**The records:**
------------------------

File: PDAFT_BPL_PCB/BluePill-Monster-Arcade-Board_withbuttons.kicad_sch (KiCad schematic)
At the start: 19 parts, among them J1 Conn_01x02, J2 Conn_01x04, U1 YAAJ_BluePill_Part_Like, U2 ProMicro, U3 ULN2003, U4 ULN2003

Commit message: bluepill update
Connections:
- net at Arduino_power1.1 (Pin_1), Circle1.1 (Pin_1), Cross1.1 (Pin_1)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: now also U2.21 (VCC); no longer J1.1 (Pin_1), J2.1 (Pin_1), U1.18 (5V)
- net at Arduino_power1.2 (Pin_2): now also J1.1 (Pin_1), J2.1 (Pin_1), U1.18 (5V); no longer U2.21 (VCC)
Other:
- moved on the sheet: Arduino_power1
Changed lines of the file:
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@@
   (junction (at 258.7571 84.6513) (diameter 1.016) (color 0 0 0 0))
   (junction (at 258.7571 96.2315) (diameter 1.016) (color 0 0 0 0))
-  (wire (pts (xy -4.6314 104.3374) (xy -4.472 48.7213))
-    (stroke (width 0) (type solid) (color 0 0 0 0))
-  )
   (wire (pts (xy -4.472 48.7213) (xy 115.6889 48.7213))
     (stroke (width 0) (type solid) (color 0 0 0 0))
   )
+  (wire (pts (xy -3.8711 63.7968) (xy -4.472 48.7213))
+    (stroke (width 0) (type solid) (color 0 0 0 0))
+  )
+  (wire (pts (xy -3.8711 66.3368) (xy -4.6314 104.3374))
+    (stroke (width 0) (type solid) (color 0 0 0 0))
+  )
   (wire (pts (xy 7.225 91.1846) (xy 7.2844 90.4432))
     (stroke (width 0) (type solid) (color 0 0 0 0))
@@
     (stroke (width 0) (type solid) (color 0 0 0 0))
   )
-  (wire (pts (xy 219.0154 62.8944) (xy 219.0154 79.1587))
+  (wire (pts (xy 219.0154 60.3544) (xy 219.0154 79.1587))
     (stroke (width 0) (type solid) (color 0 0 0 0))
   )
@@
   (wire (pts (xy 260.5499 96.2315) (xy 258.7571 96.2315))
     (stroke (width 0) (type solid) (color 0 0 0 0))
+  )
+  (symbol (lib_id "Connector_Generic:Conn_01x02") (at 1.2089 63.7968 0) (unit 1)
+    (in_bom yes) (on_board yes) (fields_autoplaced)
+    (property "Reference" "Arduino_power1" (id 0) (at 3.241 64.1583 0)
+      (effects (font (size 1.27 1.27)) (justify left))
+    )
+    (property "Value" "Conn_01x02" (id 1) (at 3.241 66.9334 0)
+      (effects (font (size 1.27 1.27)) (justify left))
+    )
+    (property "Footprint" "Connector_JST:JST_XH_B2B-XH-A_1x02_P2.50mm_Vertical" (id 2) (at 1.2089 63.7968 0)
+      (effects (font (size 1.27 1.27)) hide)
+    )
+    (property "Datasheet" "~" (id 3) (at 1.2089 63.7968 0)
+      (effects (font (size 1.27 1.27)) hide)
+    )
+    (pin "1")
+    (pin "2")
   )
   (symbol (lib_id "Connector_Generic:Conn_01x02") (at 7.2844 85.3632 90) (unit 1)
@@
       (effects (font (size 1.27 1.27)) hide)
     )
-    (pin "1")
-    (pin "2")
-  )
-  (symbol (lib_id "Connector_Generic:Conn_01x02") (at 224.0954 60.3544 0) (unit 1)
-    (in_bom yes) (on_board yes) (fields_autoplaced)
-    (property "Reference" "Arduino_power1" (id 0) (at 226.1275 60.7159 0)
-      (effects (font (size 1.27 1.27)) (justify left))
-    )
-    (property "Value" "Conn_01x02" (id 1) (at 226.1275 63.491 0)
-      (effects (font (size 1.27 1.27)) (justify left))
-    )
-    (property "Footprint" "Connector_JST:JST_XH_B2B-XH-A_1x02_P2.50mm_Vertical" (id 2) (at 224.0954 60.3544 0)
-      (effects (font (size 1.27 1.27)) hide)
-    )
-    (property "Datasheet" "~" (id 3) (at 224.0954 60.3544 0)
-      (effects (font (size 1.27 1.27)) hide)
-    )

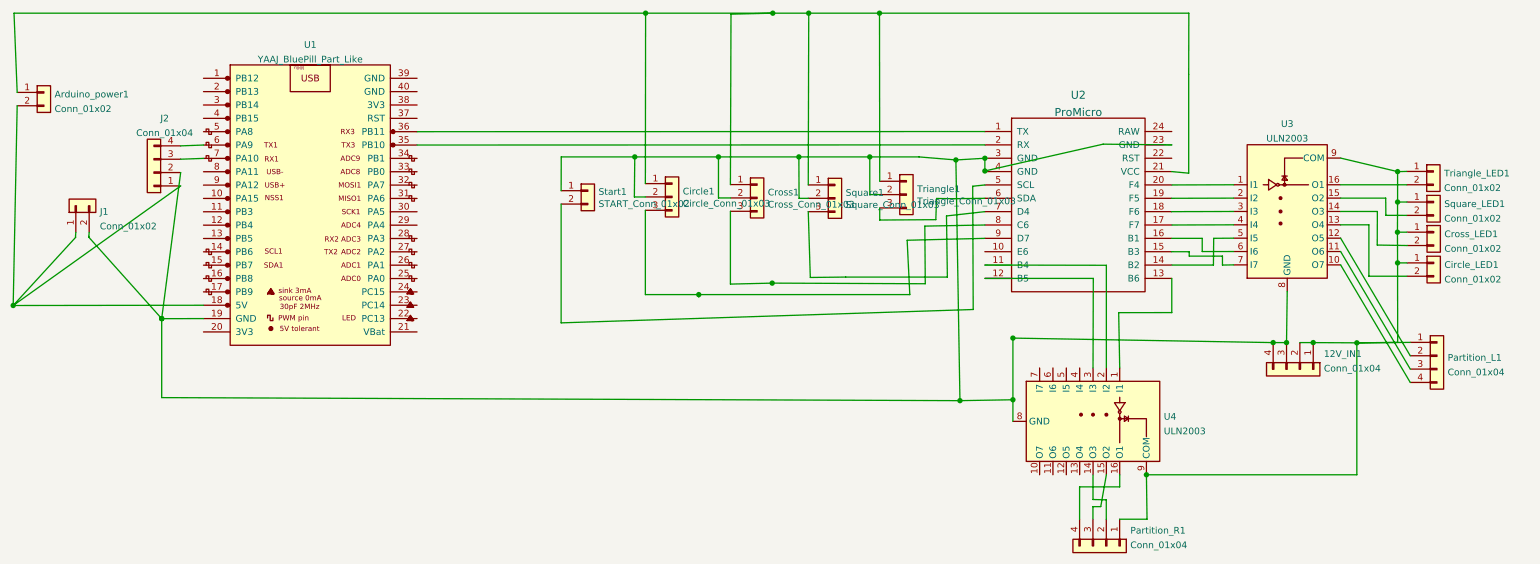
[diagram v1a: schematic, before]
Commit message: Update of bluepill moster with buttons to order on JLCPCB
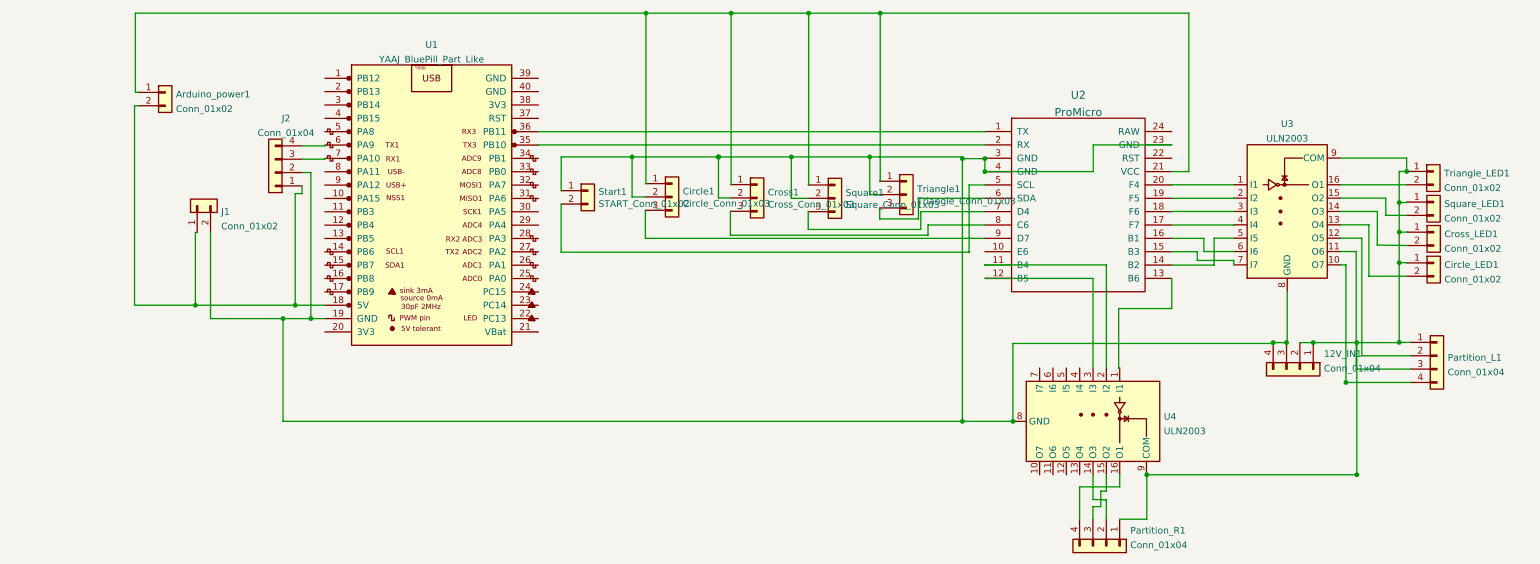
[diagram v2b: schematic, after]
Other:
- moved on the sheet: Arduino_power1, J1, J2, U1

------------------------

**Your goal:** The entries above need to be repeated in full, word for word. Skip the images.

**Finished exercise:**
File: PDAFT_BPL_PCB/BluePill-Monster-Arcade-Board_withbuttons.kicad_sch (KiCad schematic)
At the start: 19 parts, among them J1 Conn_01x02, J2 Conn_01x04, U1 YAAJ_BluePill_Part_Like, U2 ProMicro, U3 ULN2003, U4 ULN2003

Commit message: bluepill update
Connections:
- net at Arduino_power1.1 (Pin_1), Circle1.1 (Pin_1), Cross1.1 (Pin_1): now also U2.21 (VCC); no longer J1.1 (Pin_1), J2.1 (Pin_1), U1.18 (5V)
- net at Arduino_power1.2 (Pin_2): now also J1.1 (Pin_1), J2.1 (Pin_1), U1.18 (5V); no longer U2.21 (VCC)
Other:
- moved on the sheet: Arduino_power1
Changed lines of the file:
@@
   (junction (at 258.7571 84.6513) (diameter 1.016) (color 0 0 0 0))
   (junction (at 258.7571 96.2315) (diameter 1.016) (color 0 0 0 0))
-  (wire (pts (xy -4.6314 104.3374) (xy -4.472 48.7213))
-    (stroke (width 0) (type solid) (color 0 0 0 0))
-  )
   (wire (pts (xy -4.472 48.7213) (xy 115.6889 48.7213))
     (stroke (width 0) (type solid) (color 0 0 0 0))
   )
+  (wire (pts (xy -3.8711 63.7968) (xy -4.472 48.7213))
+    (stroke (width 0) (type solid) (color 0 0 0 0))
+  )
+  (wire (pts (xy -3.8711 66.3368) (xy -4.6314 104.3374))
+    (stroke (width 0) (type solid) (color 0 0 0 0))
+  )
   (wire (pts (xy 7.225 91.1846) (xy 7.2844 90.4432))
     (stroke (width 0) (type solid) (color 0 0 0 0))
@@
     (stroke (width 0) (type solid) (color 0 0 0 0))
   )
-  (wire (pts (xy 219.0154 62.8944) (xy 219.0154 79.1587))
+  (wire (pts (xy 219.0154 60.3544) (xy 219.0154 79.1587))
     (stroke (width 0) (type solid) (color 0 0 0 0))
   )
@@
   (wire (pts (xy 260.5499 96.2315) (xy 258.7571 96.2315))
     (stroke (width 0) (type solid) (color 0 0 0 0))
+  )
+  (symbol (lib_id "Connector_Generic:Conn_01x02") (at 1.2089 63.7968 0) (unit 1)
+    (in_bom yes) (on_board yes) (fields_autoplaced)
+    (property "Reference" "Arduino_power1" (id 0) (at 3.241 64.1583 0)
+      (effects (font (size 1.27 1.27)) (justify left))
+    )
+    (property "Value" "Conn_01x02" (id 1) (at 3.241 66.9334 0)
+      (effects (font (size 1.27 1.27)) (justify left))
+    )
+    (property "Footprint" "Connector_JST:JST_XH_B2B-XH-A_1x02_P2.50mm_Vertical" (id 2) (at 1.2089 63.7968 0)
+      (effects (font (size 1.27 1.27)) hide)
+    )
+    (property "Datasheet" "~" (id 3) (at 1.2089 63.7968 0)
+      (effects (font (size 1.27 1.27)) hide)
+    )
+    (pin "1")
+    (pin "2")
   )
   (symbol (lib_id "Connector_Generic:Conn_01x02") (at 7.2844 85.3632 90) (unit 1)
@@
       (effects (font (size 1.27 1.27)) hide)
     )
-    (pin "1")
-    (pin "2")
-  )
-  (symbol (lib_id "Connector_Generic:Conn_01x02") (at 224.0954 60.3544 0) (unit 1)
-    (in_bom yes) (on_board yes) (fields_autoplaced)
-    (property "Reference" "Arduino_power1" (id 0) (at 226.1275 60.7159 0)
-      (effects (font (size 1.27 1.27)) (justify left))
-    )
-    (property "Value" "Conn_01x02" (id 1) (at 226.1275 63.491 0)
-      (effects (font (size 1.27 1.27)) (justify left))
-    )
-    (property "Footprint" "Connector_JST:JST_XH_B2B-XH-A_1x02_P2.50mm_Vertical" (id 2) (at 224.0954 60.3544 0)
-      (effects (font (size 1.27 1.27)) hide)
-    )
-    (property "Datasheet" "~" (id 3) (at 224.0954 60.3544 0)
-      (effects (font (size 1.27 1.27)) hide)
-    )

[diagram v1a: schematic, before]
Commit message: Update of bluepill moster with buttons to order on JLCPCB
[diagram v2b: schematic, after]
Other:
- moved on the sheet: Arduino_power1, J1, J2, U1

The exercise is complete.